James Wolcott takes a look at the complaints over Whither Christmas? and says “Wait a minute“: ” I’ve got news: Even here on the godless, liberal Upper West Side, people wish each other Merry Christmas without staggering three steps backward, thunderstruck and covered with chagrin.”
But there’s another bete noire in the culture war: all the supposed blue-state programming that’s innundating the helpless Red-State-values households. I was inclined to go along with this viewing, thinking of Queer Eye or Desperate Housewives or some other show garnering the most column inches in the press. That is, until I sat down to watch TV Friday.
NBC was showing a made-for-TV movie, Secret Santa, that pitted jaded city newspaper reporter (Jenny Garth) come to a small town to unmask the identity of a Secret Santa. She acts in ways so unbelievably horrible that it’s impossible to imagine even the patient gentle townfolk taking it upon themselves to she her the true meaning of love and Christmas. But they do. It was Capra without the bite, and its PAX-ready moralism is the norm for network television drama today. Providence and Touched by an Angel are off the air, but their influence lives on. And the sitcom has become obsessed with the suburban nuclear family as much as it was obsessed with the New York singleton in the mid-90s. Granted, unlike the dramas the comedies are sometimes not without a jaded edge, but they’re hardly blue-state in tone.

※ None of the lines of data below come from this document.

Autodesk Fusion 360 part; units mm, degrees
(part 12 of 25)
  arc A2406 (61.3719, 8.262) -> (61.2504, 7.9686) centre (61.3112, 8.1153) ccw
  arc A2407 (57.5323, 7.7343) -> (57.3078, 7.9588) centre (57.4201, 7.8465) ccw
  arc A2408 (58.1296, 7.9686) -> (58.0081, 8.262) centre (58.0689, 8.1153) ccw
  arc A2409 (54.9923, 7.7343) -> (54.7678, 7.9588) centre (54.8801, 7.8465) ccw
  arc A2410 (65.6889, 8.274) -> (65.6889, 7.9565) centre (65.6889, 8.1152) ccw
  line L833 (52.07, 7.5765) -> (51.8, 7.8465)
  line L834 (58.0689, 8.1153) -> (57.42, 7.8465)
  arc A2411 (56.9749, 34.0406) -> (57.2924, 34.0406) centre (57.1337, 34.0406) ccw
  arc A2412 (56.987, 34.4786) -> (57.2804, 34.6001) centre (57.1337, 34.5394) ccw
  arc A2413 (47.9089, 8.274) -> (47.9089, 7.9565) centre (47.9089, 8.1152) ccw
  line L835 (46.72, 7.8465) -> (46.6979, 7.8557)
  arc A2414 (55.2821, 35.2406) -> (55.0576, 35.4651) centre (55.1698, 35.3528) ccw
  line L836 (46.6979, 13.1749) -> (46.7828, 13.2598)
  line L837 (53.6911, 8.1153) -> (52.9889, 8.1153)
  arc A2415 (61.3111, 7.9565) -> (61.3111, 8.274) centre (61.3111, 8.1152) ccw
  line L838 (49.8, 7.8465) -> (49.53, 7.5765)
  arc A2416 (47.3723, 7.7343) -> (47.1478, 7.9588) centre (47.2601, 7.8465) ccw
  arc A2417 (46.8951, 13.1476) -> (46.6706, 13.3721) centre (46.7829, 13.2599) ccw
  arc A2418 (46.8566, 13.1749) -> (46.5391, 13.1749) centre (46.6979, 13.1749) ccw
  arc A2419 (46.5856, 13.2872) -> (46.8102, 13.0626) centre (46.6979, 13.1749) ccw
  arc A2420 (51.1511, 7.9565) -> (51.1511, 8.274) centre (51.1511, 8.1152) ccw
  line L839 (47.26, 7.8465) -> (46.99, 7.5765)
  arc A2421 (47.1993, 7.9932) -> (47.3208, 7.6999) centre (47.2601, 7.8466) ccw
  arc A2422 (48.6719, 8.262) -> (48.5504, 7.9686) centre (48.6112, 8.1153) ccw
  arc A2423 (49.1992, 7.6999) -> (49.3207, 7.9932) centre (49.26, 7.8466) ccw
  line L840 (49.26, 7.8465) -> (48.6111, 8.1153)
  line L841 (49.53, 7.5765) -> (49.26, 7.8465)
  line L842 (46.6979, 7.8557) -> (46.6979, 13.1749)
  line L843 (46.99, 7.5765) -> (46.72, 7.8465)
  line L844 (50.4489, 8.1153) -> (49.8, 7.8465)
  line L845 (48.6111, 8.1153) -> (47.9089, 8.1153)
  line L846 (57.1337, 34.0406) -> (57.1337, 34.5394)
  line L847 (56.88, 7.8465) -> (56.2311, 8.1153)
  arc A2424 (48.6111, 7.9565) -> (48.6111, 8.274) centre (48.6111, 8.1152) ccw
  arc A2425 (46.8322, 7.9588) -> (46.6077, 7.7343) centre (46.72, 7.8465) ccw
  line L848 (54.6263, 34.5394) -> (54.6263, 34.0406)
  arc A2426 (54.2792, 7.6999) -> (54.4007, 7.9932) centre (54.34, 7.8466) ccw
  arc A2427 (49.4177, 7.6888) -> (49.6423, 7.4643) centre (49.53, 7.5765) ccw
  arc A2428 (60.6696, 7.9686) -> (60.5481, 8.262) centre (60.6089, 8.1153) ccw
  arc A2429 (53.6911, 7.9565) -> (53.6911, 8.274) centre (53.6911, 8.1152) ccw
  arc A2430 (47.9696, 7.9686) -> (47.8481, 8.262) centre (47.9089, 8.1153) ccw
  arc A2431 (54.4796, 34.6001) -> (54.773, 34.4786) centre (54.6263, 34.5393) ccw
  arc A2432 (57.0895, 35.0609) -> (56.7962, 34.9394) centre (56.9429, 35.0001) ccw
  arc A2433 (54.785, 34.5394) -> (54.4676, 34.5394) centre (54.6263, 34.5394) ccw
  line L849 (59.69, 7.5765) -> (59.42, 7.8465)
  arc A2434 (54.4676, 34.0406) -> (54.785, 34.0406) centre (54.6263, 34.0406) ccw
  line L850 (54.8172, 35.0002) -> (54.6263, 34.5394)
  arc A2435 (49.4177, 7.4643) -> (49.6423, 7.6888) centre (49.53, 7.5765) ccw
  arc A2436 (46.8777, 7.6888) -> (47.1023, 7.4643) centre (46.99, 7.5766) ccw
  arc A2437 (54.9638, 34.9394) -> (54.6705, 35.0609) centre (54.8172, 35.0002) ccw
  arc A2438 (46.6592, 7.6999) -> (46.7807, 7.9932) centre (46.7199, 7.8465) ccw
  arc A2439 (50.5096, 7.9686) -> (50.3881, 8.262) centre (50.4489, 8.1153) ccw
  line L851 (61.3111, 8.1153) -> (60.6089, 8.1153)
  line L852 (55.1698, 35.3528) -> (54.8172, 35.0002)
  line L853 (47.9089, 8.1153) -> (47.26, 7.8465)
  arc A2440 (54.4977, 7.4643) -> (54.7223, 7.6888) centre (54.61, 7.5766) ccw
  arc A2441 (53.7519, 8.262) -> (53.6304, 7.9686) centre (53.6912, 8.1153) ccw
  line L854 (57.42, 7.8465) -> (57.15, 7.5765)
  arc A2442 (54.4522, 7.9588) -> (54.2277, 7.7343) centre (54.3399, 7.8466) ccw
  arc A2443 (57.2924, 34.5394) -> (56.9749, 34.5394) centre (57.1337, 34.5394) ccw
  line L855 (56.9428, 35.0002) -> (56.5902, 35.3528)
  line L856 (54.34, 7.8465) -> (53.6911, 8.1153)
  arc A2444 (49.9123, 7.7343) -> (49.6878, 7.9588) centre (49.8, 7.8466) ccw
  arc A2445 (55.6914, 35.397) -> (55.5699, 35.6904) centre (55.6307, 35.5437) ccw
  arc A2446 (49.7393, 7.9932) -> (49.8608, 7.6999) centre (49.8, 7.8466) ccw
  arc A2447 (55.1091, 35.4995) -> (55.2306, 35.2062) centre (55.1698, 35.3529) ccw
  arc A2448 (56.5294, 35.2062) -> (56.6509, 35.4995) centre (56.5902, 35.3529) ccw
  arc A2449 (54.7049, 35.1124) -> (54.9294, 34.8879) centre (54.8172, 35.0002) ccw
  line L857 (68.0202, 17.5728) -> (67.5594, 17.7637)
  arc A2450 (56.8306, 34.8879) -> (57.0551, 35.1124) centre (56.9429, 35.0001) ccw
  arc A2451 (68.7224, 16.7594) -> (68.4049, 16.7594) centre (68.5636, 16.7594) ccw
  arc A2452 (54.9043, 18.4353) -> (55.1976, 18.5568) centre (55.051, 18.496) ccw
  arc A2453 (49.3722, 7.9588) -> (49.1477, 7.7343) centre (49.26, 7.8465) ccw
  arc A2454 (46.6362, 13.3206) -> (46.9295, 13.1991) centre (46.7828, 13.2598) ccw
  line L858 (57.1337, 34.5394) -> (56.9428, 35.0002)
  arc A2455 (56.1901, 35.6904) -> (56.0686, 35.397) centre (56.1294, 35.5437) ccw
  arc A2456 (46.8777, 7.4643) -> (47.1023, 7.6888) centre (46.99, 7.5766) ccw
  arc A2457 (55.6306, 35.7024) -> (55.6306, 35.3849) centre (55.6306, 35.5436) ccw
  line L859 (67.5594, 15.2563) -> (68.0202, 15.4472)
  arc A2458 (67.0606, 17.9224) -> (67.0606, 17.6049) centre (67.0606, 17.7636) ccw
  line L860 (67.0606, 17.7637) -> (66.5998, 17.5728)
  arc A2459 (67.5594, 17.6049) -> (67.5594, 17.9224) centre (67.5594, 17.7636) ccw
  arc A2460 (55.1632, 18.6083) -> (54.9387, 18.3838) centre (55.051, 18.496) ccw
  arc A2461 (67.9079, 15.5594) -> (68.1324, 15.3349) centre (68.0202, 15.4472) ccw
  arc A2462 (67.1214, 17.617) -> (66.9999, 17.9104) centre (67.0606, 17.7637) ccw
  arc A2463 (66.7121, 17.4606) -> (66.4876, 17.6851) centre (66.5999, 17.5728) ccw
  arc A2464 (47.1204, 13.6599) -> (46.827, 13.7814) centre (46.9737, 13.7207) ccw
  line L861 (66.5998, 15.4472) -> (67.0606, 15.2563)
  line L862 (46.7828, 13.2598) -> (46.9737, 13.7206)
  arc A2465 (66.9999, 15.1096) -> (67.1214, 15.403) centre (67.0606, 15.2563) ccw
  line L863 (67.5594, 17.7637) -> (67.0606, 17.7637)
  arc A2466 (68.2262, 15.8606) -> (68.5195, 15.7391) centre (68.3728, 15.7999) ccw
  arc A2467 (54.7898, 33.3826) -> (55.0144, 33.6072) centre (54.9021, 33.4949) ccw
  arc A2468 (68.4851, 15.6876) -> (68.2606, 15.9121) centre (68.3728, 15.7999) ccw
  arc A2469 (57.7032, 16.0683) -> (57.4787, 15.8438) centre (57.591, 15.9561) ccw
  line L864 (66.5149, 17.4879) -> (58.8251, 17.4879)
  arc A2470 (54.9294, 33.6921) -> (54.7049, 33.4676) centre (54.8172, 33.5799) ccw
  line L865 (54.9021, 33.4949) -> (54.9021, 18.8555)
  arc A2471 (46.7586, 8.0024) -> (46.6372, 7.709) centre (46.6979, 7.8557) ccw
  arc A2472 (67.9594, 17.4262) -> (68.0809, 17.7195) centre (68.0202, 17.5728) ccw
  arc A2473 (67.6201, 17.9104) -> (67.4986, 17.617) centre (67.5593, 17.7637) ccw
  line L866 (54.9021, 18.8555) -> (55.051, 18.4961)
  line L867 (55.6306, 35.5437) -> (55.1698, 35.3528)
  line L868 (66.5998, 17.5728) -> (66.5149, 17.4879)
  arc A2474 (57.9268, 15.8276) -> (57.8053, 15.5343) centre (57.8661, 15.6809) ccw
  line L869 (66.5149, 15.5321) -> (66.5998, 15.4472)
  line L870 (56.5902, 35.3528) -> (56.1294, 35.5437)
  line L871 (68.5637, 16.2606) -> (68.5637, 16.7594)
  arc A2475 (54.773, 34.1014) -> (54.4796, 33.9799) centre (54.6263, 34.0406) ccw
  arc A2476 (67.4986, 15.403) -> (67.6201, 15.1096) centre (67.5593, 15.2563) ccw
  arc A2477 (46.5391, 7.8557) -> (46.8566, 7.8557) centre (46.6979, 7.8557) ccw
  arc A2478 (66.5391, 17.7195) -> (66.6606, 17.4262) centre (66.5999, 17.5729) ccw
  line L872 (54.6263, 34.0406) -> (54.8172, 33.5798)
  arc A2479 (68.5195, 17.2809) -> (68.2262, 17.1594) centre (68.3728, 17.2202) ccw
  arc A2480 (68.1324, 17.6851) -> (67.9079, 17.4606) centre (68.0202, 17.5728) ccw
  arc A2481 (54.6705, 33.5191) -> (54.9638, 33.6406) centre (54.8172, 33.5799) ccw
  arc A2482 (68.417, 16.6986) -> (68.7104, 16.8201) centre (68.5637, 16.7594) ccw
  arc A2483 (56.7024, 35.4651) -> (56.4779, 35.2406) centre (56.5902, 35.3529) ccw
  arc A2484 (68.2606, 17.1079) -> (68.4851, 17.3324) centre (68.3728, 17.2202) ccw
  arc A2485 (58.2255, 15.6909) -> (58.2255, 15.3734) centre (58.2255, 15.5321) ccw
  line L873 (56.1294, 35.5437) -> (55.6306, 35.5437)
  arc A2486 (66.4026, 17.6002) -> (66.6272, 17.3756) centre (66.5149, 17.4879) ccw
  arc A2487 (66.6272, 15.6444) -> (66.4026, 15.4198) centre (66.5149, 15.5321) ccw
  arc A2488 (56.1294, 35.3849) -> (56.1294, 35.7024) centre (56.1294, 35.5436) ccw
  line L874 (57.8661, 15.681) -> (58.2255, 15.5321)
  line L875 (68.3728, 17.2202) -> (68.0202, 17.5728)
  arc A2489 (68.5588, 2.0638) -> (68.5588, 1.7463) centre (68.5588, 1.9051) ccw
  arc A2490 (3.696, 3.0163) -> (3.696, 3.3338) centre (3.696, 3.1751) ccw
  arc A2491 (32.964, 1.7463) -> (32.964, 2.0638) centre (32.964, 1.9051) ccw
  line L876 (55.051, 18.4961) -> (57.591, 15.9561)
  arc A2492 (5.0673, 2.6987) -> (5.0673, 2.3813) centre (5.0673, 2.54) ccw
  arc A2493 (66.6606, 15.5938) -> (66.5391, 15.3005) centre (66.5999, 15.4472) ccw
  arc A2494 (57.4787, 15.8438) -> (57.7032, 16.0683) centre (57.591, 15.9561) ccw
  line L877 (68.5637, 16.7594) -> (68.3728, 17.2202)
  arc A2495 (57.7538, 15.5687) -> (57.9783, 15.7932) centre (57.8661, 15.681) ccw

And while we’re on the topic, I’ll mention the NBC promos for Brian Williams. I know why it’s in their interest to market him as the authentic Red Stater, but not only is he from New York state (where as Rather was Texan, Brokaw Midwestern), he’s nothing but a stuffed shirt, in contrast to previous anchors who came up through the ranks as reporters.
UPDATE: I also love this bit from Wolcott:
Isn’t just too-too perfect how a perceived liberal like Kaplan confounds his critics by hiring a conservative as a lead-in into a show hosted by another conservative? … Media liberals almost never surprise anyone by having the balls and spinal conviction to actually do something liberal; no, they always feel obliged to do the cute counterintuitive thing. No one expects Roger Ailes to surprise his critics by hiring Al Franken to host a nightly show on Fox; he earns his plaudits by sticking to his toy guns and hiring Yellin’ Zell Miller for an occasional round of hog callin’.